First, let's line up the difference in character between the two. Getting this wrong tends to leave you with a port that "works but is slow."

Aspect	SFSpeechRecognizer	SpeechAnalyzer (iOS 26)
Intended length	Short utterances and commands	Long form: meetings, dictation
Where it runs	On-device possible, but constraints remain	Fully on device once assets are installed
API shape	Delegate plus request	Swift Concurrency (AsyncSequence)
Model management	Opaque, left to the OS	Explicit download and management of language assets
Composition	Mostly monolithic	Modules attached to an analysis session

The key point is that SpeechAnalyzer is assembled by "attaching purpose-built modules to an analysis session." For transcription you attach SpeechTranscriber; for voice-activity detection you attach SpeechDetector. A module only processes audio from the point it was attached, so a design that adds capability mid-session reads cleanly.

Note that supported platforms are iOS 26, iPadOS 26, macOS 26, visionOS 26, and tvOS 26; the current SDK does not support watchOS. Deciding up front on a split — record on Apple Watch, analyze on the phone — saves trouble later.

Check whether the model asset exists, and fetch it if not

SpeechTranscriber uses a per-language model asset. That asset isn't guaranteed to ship on the device, so before running you check "is this language usable" and "is the asset present," and download it if not. Skip this and you get a bug that silently fails only on first launch — the hardest kind to reproduce. I skipped the check at first and spent half a day puzzled by empty results that appeared only on a fresh device.

Here's a minimal flow that checks whether a locale is supported and waits for the download if the asset isn't installed.

import Speech
 
/// Prepare the assets for the locale used for transcription.
/// The returned Bool means "may we start transcribing in this locale."
func ensureTranscriberAssets(for locale: Locale) async throws -> Bool {
    // 1. Is this locale even a SpeechTranscriber target?
    let supported = await SpeechTranscriber.supportedLocales
    guard supported.contains(where: { $0.identifier(.bcp47) == locale.identifier(.bcp47) }) else {
        return false
    }
 
    // 2. Is the asset installed on the device?
    let installed = await SpeechTranscriber.installedLocales
    if installed.contains(where: { $0.identifier(.bcp47) == locale.identifier(.bcp47) }) {
        return true
    }
 
    // 3. If not, request the download of the needed assets and wait
    let transcriber = SpeechTranscriber(locale: locale, preset: .progressiveLiveTranscription)
    if let request = try await AssetInventory.assetInstallationRequest(supporting: [transcriber]) {
        try await request.downloadAndInstall()
    }
    return true
}

Pick a preset: that matches your use.
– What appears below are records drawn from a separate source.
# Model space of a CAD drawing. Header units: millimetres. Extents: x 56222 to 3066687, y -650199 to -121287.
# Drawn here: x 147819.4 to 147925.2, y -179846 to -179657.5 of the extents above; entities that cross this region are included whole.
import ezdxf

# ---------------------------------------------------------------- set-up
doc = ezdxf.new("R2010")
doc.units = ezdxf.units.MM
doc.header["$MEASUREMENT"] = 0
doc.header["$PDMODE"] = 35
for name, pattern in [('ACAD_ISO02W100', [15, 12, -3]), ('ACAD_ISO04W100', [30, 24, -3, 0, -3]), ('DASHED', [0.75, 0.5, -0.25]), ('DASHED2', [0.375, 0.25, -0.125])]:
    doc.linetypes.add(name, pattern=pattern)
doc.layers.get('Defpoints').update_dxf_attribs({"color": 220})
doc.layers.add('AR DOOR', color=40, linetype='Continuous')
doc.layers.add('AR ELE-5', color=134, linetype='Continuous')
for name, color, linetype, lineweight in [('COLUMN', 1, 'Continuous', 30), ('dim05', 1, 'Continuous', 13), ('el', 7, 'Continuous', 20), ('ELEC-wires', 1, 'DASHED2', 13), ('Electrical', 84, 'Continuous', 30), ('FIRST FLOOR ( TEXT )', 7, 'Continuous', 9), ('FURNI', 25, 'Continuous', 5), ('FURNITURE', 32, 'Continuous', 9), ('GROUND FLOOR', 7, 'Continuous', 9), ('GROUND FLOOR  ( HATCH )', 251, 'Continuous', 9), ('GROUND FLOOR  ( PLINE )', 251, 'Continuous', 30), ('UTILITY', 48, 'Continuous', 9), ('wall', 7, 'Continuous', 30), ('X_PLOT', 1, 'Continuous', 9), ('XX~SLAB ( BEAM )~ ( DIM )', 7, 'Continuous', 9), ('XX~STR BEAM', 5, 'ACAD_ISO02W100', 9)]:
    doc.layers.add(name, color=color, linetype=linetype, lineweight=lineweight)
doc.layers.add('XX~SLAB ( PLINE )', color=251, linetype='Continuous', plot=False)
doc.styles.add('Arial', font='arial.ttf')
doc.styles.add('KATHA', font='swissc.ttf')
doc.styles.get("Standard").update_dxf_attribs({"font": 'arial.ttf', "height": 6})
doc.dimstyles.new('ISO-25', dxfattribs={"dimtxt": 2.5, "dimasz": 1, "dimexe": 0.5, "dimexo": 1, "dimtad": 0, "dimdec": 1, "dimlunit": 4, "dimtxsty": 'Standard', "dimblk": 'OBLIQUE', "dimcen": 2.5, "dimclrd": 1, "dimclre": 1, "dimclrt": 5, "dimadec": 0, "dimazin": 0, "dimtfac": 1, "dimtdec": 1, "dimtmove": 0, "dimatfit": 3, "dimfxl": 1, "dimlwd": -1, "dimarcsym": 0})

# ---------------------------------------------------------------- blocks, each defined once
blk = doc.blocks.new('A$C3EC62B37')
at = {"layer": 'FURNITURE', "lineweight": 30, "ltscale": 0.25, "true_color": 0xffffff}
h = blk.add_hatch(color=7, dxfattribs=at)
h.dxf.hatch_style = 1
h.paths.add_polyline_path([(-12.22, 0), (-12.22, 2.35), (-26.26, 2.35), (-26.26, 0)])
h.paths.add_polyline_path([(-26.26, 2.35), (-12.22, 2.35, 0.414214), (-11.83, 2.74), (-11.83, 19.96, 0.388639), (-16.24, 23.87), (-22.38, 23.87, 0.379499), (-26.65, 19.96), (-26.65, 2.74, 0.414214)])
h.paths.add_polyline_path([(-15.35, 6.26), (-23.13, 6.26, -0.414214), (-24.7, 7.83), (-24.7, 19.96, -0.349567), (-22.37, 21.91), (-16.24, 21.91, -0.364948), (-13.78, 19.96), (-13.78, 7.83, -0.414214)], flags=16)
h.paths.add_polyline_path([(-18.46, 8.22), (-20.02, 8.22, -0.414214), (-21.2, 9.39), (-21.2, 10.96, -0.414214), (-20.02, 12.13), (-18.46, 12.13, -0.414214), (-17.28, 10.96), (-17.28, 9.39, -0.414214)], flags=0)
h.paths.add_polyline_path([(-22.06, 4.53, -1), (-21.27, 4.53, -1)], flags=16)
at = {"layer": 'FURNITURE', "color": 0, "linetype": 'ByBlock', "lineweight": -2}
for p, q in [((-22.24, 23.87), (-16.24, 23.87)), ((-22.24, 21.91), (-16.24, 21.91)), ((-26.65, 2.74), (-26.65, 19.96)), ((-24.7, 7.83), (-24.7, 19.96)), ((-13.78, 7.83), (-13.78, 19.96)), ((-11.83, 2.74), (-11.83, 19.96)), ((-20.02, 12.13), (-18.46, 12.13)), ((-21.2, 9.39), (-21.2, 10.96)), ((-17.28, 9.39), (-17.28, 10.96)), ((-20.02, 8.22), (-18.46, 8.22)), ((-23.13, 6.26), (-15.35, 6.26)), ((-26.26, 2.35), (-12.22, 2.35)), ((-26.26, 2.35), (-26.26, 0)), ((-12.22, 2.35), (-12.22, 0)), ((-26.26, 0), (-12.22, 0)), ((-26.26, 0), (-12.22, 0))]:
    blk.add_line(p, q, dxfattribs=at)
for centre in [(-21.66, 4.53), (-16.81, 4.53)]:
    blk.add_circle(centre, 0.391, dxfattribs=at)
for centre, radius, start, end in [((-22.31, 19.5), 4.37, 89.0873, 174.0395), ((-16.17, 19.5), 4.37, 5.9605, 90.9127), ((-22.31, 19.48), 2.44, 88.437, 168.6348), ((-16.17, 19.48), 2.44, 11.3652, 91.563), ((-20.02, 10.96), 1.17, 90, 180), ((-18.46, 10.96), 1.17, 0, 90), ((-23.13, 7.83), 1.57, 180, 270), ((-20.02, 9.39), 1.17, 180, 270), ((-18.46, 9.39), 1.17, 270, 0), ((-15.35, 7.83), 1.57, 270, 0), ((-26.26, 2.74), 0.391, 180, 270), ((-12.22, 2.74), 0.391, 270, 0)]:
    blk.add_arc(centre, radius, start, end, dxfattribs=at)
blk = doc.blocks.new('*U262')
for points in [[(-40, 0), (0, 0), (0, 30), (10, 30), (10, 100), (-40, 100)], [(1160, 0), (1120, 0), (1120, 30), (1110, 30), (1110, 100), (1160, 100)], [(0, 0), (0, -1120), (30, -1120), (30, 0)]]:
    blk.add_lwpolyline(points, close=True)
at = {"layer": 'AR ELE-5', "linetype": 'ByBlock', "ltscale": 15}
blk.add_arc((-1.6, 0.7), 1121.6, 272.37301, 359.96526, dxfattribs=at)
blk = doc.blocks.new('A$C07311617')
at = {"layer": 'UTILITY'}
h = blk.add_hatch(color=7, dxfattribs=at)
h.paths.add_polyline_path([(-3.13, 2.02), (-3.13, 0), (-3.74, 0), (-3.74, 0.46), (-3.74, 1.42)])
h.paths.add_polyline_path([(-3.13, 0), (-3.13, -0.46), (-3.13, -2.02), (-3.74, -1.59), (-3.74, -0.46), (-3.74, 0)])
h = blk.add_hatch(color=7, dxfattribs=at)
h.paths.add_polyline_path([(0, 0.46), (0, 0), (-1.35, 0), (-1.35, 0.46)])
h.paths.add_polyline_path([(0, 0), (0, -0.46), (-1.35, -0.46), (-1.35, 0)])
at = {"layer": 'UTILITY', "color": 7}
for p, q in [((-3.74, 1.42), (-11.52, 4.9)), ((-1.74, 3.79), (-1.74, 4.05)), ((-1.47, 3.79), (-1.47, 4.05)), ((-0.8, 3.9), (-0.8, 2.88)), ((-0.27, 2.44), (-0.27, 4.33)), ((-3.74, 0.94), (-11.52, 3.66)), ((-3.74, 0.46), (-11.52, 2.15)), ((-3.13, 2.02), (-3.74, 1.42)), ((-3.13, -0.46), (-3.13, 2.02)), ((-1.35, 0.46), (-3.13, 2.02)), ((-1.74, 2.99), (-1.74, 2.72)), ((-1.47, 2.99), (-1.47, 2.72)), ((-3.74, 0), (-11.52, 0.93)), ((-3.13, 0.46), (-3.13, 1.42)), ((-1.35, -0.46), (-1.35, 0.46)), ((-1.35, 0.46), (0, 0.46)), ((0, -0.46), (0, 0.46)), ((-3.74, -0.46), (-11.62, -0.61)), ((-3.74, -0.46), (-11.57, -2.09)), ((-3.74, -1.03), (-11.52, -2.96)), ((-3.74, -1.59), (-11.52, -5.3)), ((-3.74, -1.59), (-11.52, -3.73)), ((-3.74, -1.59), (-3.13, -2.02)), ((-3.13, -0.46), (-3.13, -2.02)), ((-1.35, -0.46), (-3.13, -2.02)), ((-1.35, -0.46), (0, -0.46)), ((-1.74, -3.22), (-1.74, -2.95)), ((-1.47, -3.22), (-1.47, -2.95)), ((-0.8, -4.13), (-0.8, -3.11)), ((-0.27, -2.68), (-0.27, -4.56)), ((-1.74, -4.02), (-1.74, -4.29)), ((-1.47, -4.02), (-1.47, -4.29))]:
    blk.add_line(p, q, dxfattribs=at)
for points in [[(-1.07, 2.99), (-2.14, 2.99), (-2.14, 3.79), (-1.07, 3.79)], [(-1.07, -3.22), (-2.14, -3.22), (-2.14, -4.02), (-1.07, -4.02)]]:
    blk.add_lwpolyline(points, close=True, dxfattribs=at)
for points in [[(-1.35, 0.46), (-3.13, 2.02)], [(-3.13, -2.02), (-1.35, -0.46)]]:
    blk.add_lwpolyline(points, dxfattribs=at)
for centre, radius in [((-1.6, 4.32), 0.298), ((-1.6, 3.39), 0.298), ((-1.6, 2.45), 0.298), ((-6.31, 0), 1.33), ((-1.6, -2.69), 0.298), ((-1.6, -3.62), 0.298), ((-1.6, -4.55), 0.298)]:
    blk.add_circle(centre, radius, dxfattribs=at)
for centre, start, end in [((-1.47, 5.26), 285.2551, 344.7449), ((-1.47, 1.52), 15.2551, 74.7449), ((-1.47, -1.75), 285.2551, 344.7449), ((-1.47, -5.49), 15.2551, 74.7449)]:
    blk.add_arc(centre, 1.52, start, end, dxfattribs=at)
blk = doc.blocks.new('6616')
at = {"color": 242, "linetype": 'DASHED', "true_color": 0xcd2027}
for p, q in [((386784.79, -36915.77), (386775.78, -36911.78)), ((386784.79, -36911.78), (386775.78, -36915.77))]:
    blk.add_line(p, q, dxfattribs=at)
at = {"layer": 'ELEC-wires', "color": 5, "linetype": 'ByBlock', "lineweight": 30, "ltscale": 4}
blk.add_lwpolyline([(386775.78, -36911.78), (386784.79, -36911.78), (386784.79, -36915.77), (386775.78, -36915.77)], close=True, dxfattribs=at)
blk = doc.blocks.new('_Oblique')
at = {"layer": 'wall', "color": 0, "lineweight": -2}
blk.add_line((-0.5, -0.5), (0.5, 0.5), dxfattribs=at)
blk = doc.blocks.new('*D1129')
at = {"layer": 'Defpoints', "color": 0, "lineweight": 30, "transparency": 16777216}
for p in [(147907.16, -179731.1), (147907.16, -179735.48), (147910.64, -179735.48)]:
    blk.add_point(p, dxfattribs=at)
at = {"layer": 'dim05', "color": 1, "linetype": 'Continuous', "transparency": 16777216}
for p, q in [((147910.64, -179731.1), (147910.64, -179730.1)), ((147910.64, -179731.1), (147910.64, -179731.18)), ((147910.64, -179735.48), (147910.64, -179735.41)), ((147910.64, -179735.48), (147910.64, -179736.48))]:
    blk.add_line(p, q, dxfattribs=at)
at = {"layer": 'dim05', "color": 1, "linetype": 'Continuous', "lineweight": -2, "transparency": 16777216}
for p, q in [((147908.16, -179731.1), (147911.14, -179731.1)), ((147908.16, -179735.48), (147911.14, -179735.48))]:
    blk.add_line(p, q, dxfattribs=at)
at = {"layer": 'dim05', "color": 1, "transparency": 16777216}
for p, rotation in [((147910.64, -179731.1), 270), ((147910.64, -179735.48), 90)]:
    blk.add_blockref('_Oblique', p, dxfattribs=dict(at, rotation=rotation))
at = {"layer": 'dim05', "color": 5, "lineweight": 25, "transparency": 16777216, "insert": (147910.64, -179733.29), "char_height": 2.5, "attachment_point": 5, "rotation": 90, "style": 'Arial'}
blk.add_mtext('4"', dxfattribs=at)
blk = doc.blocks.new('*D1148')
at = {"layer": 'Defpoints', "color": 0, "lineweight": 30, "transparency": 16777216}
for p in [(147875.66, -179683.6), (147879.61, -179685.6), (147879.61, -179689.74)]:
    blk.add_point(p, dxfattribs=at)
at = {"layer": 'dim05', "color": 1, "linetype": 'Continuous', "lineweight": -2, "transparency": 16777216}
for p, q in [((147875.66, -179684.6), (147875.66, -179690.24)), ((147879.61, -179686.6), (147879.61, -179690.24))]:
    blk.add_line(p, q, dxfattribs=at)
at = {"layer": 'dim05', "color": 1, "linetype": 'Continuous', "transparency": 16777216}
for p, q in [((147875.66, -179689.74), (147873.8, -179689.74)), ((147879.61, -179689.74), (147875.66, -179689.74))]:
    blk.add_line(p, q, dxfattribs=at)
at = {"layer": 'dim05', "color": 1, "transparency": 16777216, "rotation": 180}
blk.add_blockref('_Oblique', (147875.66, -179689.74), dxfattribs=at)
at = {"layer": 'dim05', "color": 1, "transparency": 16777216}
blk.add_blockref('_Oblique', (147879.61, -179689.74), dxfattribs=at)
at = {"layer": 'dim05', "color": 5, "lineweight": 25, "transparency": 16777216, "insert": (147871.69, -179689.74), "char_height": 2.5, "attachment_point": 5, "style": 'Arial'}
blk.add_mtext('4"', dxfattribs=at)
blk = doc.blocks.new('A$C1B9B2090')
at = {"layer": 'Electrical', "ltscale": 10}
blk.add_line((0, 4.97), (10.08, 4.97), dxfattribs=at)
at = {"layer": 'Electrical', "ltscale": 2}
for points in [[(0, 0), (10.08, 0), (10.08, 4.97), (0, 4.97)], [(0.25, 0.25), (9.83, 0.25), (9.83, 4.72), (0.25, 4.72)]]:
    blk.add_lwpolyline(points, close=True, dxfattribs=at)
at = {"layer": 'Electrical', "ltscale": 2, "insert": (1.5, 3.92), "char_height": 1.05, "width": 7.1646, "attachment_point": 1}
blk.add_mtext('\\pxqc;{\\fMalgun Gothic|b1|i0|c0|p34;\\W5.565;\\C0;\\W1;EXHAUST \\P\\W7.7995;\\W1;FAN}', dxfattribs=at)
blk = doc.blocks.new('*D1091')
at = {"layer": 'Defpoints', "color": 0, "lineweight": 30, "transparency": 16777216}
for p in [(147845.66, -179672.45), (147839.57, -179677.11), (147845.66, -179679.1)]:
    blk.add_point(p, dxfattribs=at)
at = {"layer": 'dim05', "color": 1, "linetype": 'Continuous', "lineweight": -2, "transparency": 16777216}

For live, incremental display, a setting that actively returns volatile results — like progressiveLiveTranscription — fits well. For processing a finished recording in bulk, a preset that favors only final results avoids flicker on screen.

Because downloading uses data, it's kind to build a path in the app: prefetch on Wi‑Fi, or let the user explicitly "enable speech recognition for English" in settings. In my case I run this download at the end of first-run onboarding and show progress with a bar, which eased the perceived uncertainty.

✦

Thank you for reading this far.

Continue Reading

What follows includes implementation code, benchmarks, and practical content we hope you'll find useful. This site runs without ads — server and development costs are supported entirely by members like you. If it's been helpful, we'd be truly grateful for your support.

WHAT YOU'LL LEARN

✦How iOS 26's SpeechAnalyzer removes SFSpeechRecognizer's roughly one-minute limit and cloud round-trips, and when it's worth switching

✦A complete, working Swift flow: checking and downloading model assets, feeding audio through an AsyncStream, and drawing volatile vs. final results

✦How to use SpeechAnalyzer in the native Swift Rork Max generates, and the boundary design for bridging it from an Expo / React Native native module

Secure payment via Stripe · Cancel anytime

✦

Unlock This Article

Get full access to the rest of this article. Buy once, read anytime. This site is ad-free — your support goes directly toward keeping it running.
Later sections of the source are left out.